À l’époque, la jeune journaliste Sonia Langmut enquête sur ces meurtres, enregistrant sur bandes les interviews réalisées de témoins, de futures victimes, de membres de la communauté du jazz et même du présumé assassin. Sonia Langmut disparaîtra quelques semaines plus tard sans laisser d’autres traces que ses enregistrements et quelques carnets laissant la part belle au mystère. Quarante ans plus tard, plusieurs personnes, elles aussi contemporaines des meurtres de 1967, racontent leur vie à cette époque, leur rencontre avec Sonia Langmut et reprennent l’enquête du premier au dernier meurtre, nous divulguant petit à petit le fil de l’histoire.
Plus que le récit de ces témoins et les révélations progressives sur le tueur de ces jazzmen noirs, New Thing est une véritable peinture de l’Amérique des années 50-60 et des mouvements divers qui ont secoué la société en exprimant les revendications des Afro-Américains et leur aspiration à une juste émancipation. Les Black Panthers, les discours de Martin Luther King ou de Malcolm X, les marches qui ont envahi le pays pour réclamer l’égalité des droits, les premiers mariages mixtes, les crimes racistes, la mère Afrique, la vie new yorkaise, les grands meneurs... Tout y passe, nous livrant ici plus qu’une simple histoire mais plutôt un livre d’Histoire sur de fond de musique jazzy.

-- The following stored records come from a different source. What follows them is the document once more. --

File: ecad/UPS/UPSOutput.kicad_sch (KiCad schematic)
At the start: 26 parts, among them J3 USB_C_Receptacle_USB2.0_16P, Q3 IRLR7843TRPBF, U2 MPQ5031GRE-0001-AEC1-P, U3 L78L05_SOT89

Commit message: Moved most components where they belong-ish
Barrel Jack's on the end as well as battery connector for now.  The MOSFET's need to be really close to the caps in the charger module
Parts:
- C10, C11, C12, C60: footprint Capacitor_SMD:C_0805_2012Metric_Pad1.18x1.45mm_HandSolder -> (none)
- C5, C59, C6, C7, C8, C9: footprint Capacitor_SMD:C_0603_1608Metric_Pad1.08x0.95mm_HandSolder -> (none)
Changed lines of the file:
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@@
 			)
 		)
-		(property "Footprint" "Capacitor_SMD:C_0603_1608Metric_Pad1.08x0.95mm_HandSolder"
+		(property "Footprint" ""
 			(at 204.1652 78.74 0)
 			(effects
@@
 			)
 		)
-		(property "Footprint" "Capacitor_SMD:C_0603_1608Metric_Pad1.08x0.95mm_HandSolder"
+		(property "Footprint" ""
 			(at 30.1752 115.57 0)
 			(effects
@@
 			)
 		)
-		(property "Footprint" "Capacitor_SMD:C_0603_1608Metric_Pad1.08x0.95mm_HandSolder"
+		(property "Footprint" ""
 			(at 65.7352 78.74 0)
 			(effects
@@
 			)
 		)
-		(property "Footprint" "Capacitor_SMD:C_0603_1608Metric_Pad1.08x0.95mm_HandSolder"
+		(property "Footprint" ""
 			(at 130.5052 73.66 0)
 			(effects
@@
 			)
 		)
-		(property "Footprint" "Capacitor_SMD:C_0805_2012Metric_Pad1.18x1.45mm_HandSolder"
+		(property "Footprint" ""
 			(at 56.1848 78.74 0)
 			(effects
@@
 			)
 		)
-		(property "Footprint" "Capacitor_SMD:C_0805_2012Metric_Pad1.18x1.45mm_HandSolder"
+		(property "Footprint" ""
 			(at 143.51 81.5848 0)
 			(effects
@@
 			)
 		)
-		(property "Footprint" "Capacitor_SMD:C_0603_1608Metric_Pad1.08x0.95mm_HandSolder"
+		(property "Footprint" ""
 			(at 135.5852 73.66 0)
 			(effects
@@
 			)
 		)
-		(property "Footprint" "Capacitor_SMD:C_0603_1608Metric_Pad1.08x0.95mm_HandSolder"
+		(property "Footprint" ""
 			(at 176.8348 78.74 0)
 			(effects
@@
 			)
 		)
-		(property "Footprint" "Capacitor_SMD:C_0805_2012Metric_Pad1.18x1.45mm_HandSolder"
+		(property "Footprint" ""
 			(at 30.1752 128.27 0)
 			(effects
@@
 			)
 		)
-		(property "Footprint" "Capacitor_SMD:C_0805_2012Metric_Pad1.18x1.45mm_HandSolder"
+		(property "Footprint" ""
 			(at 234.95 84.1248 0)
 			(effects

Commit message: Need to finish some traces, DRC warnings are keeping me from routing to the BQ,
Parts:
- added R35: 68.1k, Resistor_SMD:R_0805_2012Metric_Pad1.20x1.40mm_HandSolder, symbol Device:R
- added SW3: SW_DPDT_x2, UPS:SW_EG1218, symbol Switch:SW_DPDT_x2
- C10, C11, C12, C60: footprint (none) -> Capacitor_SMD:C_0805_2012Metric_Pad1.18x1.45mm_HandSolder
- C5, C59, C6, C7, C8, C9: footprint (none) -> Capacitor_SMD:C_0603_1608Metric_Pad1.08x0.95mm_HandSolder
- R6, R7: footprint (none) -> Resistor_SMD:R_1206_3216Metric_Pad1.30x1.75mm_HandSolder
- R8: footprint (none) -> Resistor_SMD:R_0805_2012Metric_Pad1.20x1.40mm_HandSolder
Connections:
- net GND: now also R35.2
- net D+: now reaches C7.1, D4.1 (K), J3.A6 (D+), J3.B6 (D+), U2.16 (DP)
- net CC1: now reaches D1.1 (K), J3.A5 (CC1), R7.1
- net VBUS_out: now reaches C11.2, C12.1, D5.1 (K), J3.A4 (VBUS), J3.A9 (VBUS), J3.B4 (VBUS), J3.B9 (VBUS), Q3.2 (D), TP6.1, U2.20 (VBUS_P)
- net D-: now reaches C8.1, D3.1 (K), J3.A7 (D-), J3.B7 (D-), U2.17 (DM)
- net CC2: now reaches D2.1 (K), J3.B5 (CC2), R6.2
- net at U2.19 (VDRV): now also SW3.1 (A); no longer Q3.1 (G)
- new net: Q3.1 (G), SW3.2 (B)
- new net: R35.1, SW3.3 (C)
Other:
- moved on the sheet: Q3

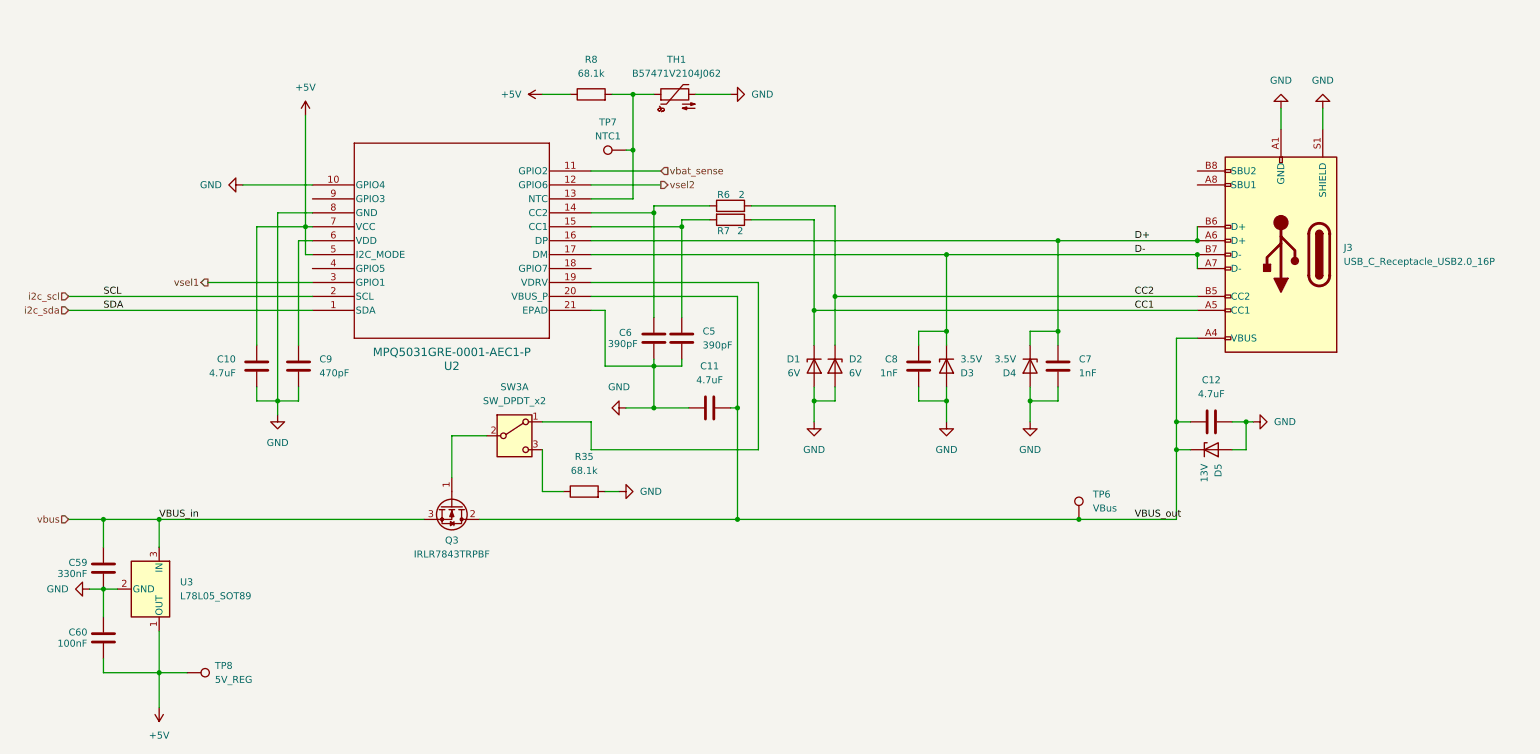
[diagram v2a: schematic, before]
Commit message: Ty's VBATSENSE Changes
Let me know if I messed this part up, did a small amount
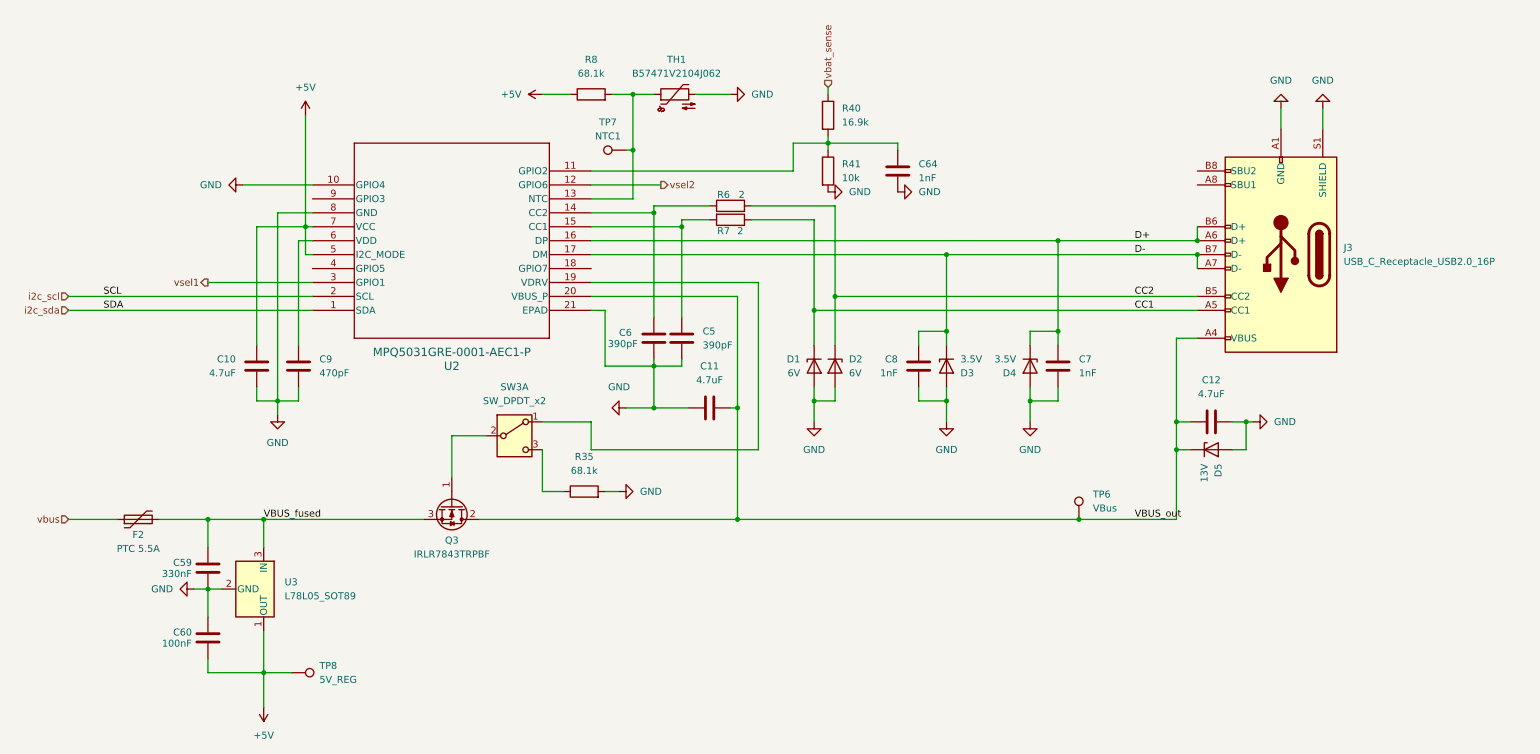
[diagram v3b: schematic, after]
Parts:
- added C64: 1nF, symbol Device:C
- added F2: PTC 5.5A, Fuse:Fuse_1210_3225Metric_Pad1.42x2.65mm_HandSolder, symbol Device:Polyfuse
- added R40: 16.9k, Resistor_SMD:R_0201_0603Metric_Pad0.64x0.40mm_HandSolder, symbol Device:R
- added R41: 10k, Resistor_SMD:R_0201_0603Metric_Pad0.64x0.40mm_HandSolder, symbol Device:R
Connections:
- net GND: now also C64.2, R41.2
- net vbat_sense: now also R40.1; no longer U2.11 (GPIO2)
- net vbus: now also F2.1; no longer C59.1, Q3.3 (S), U3.3 (IN)
- new net: C64.1, R40.2, R41.1, U2.11 (GPIO2)
- new net VBUS_fused: C59.1, F2.2, Q3.3 (S), U3.3 (IN)
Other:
- moved on the sheet: C59, C60, TP8, U3

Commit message: DRC is angry but everything has a route
Angry about a lot of the vias in the top right specifically, there's A LOT of issues with clearance I want to look at, taking another break for now.
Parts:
- C64: footprint (none) -> Capacitor_SMD:C_0201_0603Metric
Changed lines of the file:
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@@
 			)
 		)
-		(property "Footprint" ""
+		(property "Footprint" "Capacitor_SMD:C_0201_0603Metric"
 			(at 174.9552 43.18 0)
 			(effects

Wu Ming est un collectif d’auteurs italiens qui écrivent quand bon leur semble. Pour exemple, New Thing a été écrit en deux ans et demi. Chacun y laisse sa marque, sa trace, son style : c’est ce qui fait l’originalité et la réussite de cet ouvrage. Ainsi, à travers les multiples interventions des témoins de l’époque, chaque auteur s’exprime, raconte son histoire, sa vision des choses, son point de vue sur les événements houleux des années 60. Ce qui amène une réelle richesse, une pléthore d’informations toutes très pointues sur le sujet et donne au récit un rythme certain du début à la fin, sans aucun temps mort. À l’instar de ce collectif d’auteurs dont on ignore les noms, chaque personnage témoigne à travers un sobriquet, comme ceux dont s’affublaient nombre de jazzmen de l’époque : Green man, Blood will tell, Rowdy-dow, Sweet blood, Thumbtack...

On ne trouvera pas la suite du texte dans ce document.